- _Aim of the exercise_
The first line of the entries is where the copy starts and the line with "doc.units = ezdxf.units.M" is where it ends; set down each line exactly, both ends included, and drop pictures.

- _Available data_
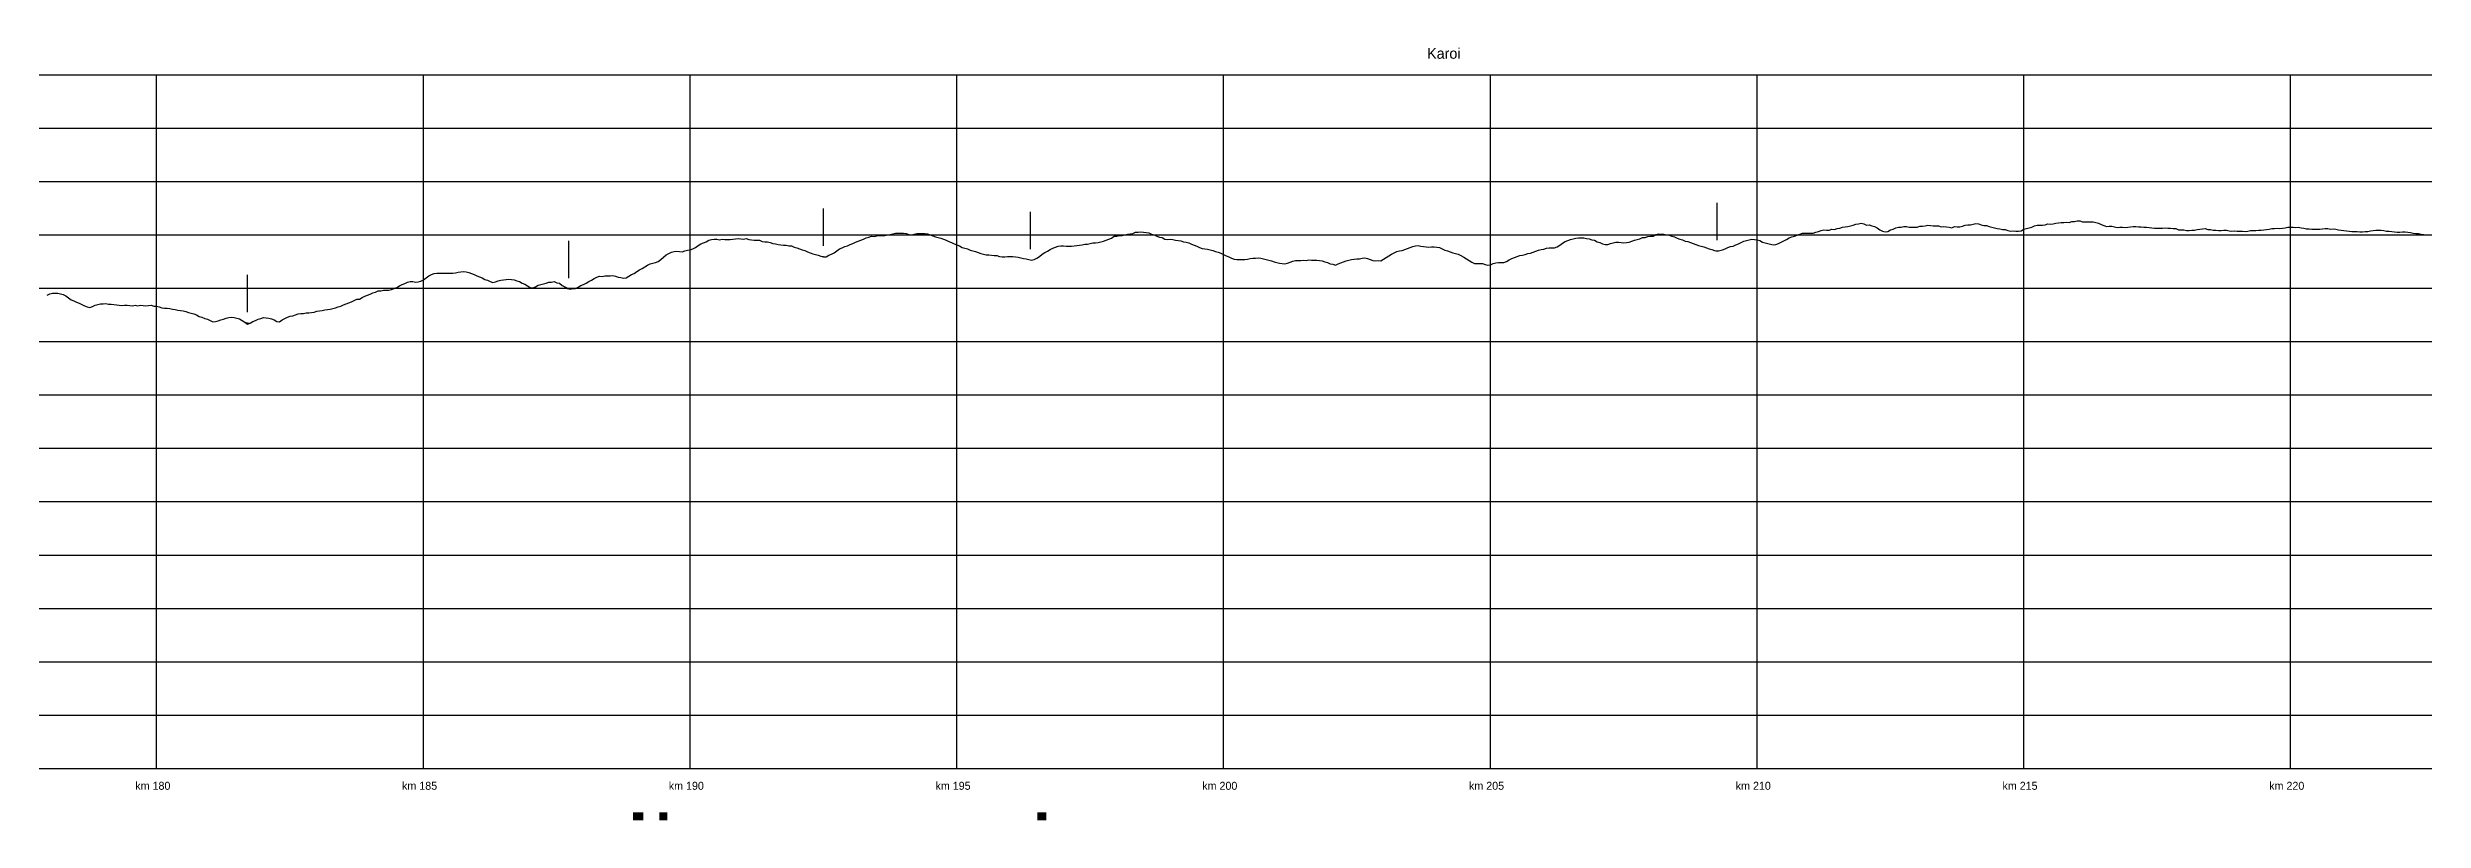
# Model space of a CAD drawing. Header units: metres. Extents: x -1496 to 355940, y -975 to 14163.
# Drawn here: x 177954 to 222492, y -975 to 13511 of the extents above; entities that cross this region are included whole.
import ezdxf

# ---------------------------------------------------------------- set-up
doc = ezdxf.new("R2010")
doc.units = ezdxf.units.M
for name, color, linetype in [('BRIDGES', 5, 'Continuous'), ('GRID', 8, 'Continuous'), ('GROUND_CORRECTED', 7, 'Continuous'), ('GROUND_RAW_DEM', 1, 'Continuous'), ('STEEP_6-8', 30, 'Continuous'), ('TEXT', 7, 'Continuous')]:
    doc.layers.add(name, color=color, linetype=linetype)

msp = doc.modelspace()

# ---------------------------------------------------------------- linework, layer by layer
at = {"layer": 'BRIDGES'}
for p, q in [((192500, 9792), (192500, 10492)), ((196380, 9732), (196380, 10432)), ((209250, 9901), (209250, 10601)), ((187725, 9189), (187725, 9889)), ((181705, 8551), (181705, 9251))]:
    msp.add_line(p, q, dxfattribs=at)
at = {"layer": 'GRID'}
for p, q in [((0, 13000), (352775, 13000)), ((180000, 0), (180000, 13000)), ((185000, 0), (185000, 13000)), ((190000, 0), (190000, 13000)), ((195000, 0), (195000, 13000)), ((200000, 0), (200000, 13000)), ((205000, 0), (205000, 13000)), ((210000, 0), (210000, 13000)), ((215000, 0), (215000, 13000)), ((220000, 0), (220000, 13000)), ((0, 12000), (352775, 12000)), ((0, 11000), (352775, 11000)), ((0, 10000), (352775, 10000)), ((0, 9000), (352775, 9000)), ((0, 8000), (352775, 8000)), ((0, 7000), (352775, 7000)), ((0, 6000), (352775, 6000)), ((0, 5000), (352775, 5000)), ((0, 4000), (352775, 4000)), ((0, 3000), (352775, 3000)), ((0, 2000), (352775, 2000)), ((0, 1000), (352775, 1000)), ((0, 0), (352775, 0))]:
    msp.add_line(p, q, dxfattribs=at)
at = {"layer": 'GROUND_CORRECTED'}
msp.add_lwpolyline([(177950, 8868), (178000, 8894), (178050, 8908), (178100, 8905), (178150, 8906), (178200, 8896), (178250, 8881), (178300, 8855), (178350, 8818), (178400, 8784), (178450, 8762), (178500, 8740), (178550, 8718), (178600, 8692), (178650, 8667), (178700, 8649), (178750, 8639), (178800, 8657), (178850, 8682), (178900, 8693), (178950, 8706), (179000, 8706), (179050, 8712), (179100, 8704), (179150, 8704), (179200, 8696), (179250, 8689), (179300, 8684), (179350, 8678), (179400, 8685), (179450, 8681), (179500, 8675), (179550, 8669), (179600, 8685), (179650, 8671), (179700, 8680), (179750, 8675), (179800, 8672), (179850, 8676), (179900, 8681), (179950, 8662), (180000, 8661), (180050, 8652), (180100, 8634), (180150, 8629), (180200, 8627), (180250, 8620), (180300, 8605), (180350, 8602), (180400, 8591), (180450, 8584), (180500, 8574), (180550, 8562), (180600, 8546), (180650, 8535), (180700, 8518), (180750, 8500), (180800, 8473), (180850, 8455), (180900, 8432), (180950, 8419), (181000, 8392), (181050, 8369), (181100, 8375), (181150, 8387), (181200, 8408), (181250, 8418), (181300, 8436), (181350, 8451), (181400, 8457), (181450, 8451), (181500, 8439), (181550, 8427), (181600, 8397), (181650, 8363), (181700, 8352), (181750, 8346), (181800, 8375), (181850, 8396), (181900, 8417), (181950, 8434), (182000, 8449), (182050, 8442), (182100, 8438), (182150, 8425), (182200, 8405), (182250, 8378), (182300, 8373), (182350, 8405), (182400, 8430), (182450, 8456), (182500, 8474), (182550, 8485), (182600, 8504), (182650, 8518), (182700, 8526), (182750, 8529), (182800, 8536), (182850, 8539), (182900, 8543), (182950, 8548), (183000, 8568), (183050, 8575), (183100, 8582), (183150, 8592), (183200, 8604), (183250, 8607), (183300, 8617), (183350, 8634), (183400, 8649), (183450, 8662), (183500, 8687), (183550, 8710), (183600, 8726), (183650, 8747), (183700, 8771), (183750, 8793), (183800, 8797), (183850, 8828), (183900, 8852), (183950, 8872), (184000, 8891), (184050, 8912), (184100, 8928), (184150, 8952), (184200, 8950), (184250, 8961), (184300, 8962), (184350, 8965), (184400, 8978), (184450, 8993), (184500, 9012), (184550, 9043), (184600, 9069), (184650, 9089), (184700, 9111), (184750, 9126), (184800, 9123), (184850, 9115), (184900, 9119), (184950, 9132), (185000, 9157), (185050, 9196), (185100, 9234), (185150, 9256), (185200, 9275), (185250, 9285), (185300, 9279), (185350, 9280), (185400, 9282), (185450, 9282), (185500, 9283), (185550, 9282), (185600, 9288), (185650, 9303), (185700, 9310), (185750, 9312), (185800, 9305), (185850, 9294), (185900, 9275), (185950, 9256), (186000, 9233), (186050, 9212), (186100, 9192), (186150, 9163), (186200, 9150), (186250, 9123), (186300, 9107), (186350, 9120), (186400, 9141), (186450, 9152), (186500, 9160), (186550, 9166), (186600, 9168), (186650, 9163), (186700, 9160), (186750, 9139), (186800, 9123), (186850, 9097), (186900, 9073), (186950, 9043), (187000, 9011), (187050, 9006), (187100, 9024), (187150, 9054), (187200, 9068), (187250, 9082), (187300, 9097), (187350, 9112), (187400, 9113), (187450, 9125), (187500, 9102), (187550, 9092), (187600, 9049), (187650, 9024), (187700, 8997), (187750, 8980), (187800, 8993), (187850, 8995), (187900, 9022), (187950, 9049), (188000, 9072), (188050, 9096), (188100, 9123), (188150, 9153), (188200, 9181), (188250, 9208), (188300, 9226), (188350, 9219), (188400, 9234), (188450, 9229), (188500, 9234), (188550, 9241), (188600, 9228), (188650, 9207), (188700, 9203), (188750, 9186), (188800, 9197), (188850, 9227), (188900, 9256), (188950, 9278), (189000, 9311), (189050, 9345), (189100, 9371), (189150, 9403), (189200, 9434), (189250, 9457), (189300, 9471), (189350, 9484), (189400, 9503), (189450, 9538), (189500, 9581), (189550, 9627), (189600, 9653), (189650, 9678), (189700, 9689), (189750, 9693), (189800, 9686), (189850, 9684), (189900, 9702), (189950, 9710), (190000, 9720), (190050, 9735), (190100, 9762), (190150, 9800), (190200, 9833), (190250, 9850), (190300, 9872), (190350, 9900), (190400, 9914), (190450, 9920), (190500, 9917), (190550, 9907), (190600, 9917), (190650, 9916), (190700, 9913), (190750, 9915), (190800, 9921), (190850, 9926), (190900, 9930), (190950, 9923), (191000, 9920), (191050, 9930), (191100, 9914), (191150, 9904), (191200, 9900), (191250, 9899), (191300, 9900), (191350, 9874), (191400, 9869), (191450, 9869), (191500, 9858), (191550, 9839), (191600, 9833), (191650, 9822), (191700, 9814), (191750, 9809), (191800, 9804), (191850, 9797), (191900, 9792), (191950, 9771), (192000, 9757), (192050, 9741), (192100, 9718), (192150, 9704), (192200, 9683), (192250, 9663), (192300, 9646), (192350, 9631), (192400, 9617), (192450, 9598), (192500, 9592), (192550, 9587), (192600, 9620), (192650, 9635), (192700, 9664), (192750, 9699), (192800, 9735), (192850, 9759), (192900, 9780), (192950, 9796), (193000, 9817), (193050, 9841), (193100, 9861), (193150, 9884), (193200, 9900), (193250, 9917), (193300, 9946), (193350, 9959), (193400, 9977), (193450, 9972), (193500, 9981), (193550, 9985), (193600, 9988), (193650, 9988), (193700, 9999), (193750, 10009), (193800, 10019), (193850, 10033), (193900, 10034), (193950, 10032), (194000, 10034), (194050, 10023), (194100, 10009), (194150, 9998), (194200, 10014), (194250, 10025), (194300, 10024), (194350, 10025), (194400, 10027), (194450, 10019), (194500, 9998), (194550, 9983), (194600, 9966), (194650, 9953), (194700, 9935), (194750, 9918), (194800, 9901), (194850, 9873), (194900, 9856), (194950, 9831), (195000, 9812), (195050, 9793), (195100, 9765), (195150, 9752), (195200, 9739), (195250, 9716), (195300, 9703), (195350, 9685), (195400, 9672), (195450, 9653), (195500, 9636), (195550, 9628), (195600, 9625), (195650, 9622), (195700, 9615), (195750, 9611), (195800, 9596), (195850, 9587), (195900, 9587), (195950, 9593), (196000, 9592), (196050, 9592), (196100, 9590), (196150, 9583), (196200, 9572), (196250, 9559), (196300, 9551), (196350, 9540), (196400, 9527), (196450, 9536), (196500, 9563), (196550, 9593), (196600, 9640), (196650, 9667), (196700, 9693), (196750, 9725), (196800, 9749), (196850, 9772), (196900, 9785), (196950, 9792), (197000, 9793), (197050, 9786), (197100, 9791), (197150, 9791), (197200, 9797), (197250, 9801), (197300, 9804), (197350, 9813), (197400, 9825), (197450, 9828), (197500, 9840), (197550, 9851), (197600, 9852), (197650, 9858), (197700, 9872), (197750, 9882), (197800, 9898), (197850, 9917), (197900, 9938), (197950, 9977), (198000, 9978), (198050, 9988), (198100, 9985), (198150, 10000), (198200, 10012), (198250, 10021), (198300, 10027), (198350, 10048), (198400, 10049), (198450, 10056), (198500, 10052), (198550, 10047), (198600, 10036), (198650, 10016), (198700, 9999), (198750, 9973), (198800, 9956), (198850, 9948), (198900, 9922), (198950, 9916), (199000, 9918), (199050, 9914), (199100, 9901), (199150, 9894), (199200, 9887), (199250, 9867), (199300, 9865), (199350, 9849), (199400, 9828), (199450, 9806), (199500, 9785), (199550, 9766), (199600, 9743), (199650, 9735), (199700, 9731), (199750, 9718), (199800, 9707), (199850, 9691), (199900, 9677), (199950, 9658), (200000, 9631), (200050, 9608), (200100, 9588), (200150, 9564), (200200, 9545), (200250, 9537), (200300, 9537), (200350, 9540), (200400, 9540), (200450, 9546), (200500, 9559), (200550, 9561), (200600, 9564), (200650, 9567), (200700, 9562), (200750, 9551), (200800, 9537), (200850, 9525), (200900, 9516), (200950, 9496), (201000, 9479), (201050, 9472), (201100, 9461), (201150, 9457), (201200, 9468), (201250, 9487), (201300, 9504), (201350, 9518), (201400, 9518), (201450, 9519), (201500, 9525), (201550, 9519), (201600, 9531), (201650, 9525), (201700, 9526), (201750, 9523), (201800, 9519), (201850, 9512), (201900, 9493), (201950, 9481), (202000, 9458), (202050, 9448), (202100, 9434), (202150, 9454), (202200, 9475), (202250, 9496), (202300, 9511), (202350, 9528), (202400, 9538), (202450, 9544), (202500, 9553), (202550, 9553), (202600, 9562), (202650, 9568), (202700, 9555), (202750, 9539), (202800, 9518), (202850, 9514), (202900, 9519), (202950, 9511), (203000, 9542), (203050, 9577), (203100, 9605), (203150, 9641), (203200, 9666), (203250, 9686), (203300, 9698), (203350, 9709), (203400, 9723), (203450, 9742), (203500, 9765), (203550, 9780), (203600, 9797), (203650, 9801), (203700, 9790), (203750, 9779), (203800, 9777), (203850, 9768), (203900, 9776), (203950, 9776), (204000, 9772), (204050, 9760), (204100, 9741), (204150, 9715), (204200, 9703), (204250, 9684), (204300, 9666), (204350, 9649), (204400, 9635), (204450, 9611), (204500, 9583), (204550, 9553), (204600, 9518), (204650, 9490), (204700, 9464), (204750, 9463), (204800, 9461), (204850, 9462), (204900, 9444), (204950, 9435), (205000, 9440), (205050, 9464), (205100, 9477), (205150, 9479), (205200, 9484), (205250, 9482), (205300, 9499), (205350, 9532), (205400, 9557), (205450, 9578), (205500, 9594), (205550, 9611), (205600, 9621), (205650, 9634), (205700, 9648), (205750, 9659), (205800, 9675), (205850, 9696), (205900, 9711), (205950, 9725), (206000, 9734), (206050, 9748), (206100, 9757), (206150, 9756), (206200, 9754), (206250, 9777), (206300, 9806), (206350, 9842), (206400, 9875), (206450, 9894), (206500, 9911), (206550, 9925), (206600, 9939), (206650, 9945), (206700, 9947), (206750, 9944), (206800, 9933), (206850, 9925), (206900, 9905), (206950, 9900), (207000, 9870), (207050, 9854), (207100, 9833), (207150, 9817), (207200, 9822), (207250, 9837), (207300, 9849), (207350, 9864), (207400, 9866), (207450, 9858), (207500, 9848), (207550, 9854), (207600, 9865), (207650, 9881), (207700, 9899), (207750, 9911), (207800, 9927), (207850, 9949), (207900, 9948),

- _Exercise solution_
# Model space of a CAD drawing. Header units: metres. Extents: x -1496 to 355940, y -975 to 14163.
# Drawn here: x 177954 to 222492, y -975 to 13511 of the extents above; entities that cross this region are included whole.
import ezdxf

# ---------------------------------------------------------------- set-up
doc = ezdxf.new("R2010")
doc.units = ezdxf.units.M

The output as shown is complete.